→ Work required
Nothing but the lines holding the string "Controllo" should appear in the answer. Copy them from the entries.

→ Data section
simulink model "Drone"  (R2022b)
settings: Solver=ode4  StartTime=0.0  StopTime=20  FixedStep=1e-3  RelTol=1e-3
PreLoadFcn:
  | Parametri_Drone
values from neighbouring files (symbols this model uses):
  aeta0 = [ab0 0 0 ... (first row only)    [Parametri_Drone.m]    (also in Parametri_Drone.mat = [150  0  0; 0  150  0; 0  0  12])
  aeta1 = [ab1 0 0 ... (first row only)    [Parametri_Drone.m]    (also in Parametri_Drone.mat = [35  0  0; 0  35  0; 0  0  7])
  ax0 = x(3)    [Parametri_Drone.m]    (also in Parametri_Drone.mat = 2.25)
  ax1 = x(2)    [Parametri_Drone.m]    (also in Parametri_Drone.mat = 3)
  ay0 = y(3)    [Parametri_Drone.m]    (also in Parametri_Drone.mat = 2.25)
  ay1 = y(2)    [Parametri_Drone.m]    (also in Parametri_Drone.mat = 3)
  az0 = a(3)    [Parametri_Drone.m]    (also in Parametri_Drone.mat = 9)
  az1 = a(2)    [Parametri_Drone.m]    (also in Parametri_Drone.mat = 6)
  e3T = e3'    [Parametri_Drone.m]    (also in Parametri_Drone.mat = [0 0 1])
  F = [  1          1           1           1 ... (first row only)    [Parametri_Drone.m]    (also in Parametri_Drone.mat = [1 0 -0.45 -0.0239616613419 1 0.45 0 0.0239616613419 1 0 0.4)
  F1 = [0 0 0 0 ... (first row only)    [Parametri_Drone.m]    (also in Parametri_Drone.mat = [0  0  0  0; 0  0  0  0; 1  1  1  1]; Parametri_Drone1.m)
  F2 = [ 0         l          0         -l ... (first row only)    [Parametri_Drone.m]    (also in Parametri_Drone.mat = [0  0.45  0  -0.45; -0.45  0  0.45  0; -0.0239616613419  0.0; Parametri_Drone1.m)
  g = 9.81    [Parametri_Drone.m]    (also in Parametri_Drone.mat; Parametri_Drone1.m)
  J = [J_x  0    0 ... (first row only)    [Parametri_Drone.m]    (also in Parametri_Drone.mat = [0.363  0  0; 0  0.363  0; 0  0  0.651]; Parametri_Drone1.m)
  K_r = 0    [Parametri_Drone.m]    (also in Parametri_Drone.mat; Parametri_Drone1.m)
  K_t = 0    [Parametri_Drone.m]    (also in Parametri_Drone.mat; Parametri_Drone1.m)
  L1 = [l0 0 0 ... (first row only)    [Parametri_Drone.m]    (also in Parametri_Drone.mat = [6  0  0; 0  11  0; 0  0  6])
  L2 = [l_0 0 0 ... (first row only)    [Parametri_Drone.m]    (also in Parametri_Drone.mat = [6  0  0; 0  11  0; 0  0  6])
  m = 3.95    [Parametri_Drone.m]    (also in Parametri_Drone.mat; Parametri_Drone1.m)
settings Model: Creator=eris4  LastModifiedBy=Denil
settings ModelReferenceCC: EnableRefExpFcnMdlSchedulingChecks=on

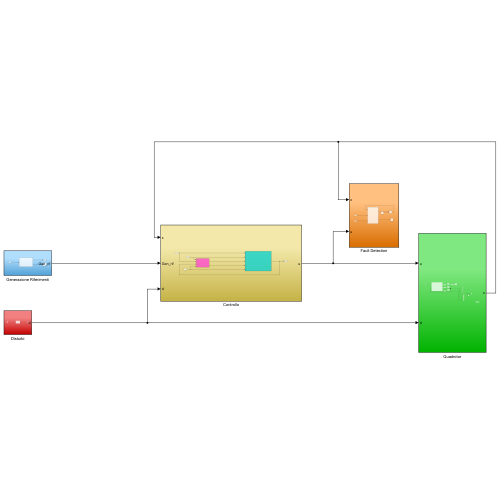
[thumbnail: Simulink's stored preview of the top-level diagram]
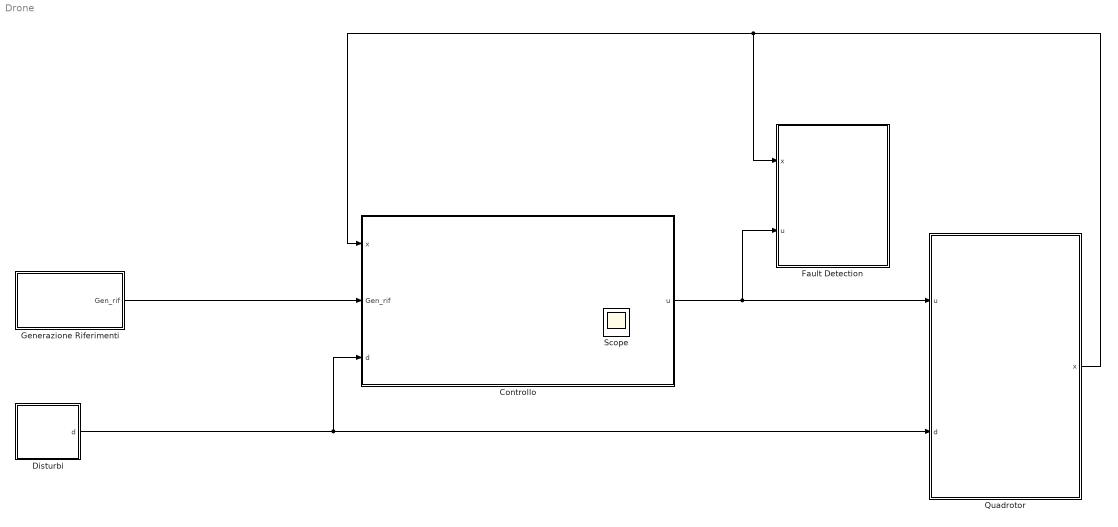
== system Drone ==
  Controllo : Subsystem
  Disturbi : Subsystem
  Fault Detection : Subsystem
  Generazione Riferimenti : Subsystem
  Quadrotor : Subsystem
  Scope : Scope
  wires:
  Generazione Riferimenti/1(Gen_rif) -> Controllo/2(Gen_rif)
  Controllo/1(u) -> Fault Detection/2(u), Quadrotor/1(u)
  Quadrotor/1(x) -> Controllo/1(x), Fault Detection/1(x)
  Disturbi/1(d) -> Controllo/3(d), Quadrotor/2(d)

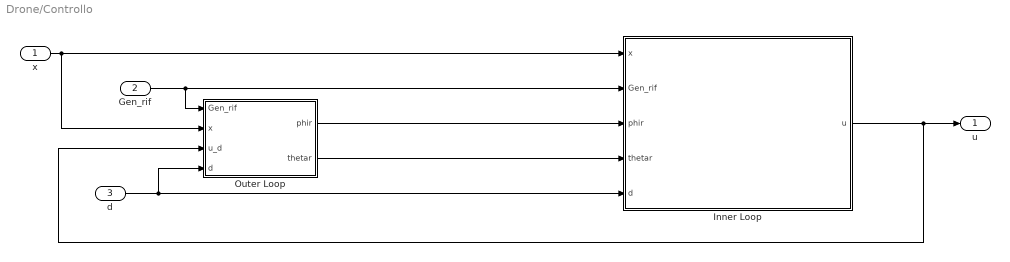
== system Drone/Controllo ==
  x : Inport
  Gen_rif : Inport  Port=2
  d : Inport  Port=3
  Inner Loop : Subsystem
  Outer Loop : Subsystem
  u : Outport
  wires:
  Inner Loop/1(u) -> Outer Loop/3(u_d), u/1
  x/1 -> Inner Loop/1(x), Outer Loop/2(x)
  Gen_rif/1 -> Outer Loop/1(Gen_rif), Inner Loop/2(Gen_rif)
  Outer Loop/1(phir) -> Inner Loop/3(phir)
  Outer Loop/2(thetar) -> Inner Loop/4(thetar)
  d/1 -> Inner Loop/5(d), Outer Loop/4(d)

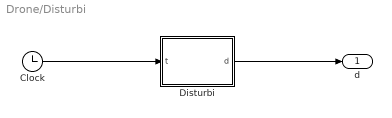
== system Drone/Disturbi ==
  Clock : Clock
  Disturbi : MATLAB Function  TreatAsAtomicUnit=on
  d : Outport
  wires:
  Disturbi/1(d) -> d/1
  Clock/1 -> Disturbi/1(t)

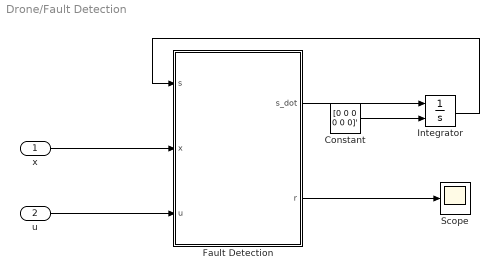
== system Drone/Fault Detection ==
  x : Inport
  u : Inport  Port=2
  Constant : Constant  Value=[0 0 0 0 0 0]'  VectorParams1D=off
  Fault Detection : MATLAB Function  TreatAsAtomicUnit=on
  Integrator : Integrator  InitialConditionSource=external
  Scope : Scope
  wires:
  x/1 -> Fault Detection/2(x)
  Fault Detection/1(s_dot) -> Integrator/1
  Integrator/1 -> Fault Detection/1(s)
  Fault Detection/2(r) -> Scope/1
  u/1 -> Fault Detection/3(u)
  Constant/1 -> Integrator/2

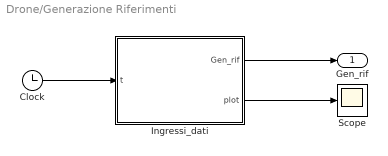
== system Drone/Generazione Riferimenti ==
  Clock : Clock
  Ingressi_dati : MATLAB Function  TreatAsAtomicUnit=on
  Scope : Scope
  Gen_rif : Outport
  wires:
  Clock/1 -> Ingressi_dati/1(t)
  Ingressi_dati/1(Gen_rif) -> Gen_rif/1
  Ingressi_dati/2(plot) -> Scope/1

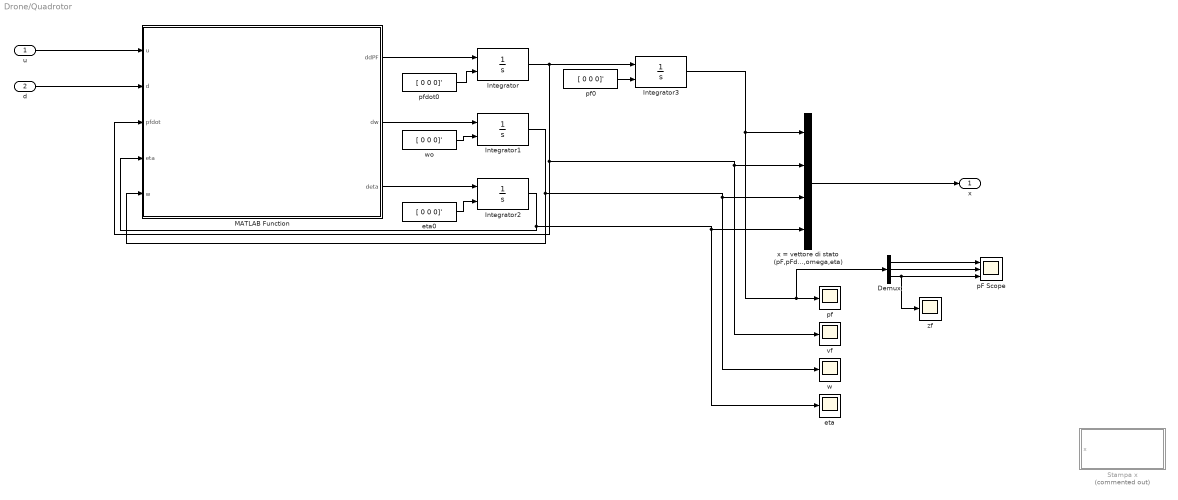
== system Drone/Quadrotor ==
  u : Inport
  d : Inport  Port=2
  Demux : Demux  Outputs=3
  Integrator{,1..3} (4 alike) : Integrator  InitialConditionSource=external
  MATLAB Function : MATLAB Function  TreatAsAtomicUnit=on
  Stampa x : MATLAB Function  Commented=on  TreatAsAtomicUnit=on
  eta : Scope
  eta0 : Constant  Value=[ 0 0 0]'
  pF Scope : Scope  NumInputPorts=3
  pf : Scope
  pf0 : Constant  Value=[ 0 0 0]'
  pfdot0 : Constant  Value=[ 0 0 0]'
  vf : Scope
  w : Scope
  wo : Constant  Value=[ 0 0 0]'
  x = vettore di stato (pF,pFdot,omega,eta) : Mux
  zf : Scope
  x : Outport
  wires:
  Integrator1/1 -> MATLAB Function/5(w), w/1, x = vettore di stato (pF,pFdot,omega,eta)/3
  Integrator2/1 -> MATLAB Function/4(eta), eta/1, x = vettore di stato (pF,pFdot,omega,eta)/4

→ Answer below
  Controllo : Subsystem
  Generazione Riferimenti/1(Gen_rif) -> Controllo/2(Gen_rif)
  Controllo/1(u) -> Fault Detection/2(u), Quadrotor/1(u)
  Quadrotor/1(x) -> Controllo/1(x), Fault Detection/1(x)
  Disturbi/1(d) -> Controllo/3(d), Quadrotor/2(d)
== system Drone/Controllo ==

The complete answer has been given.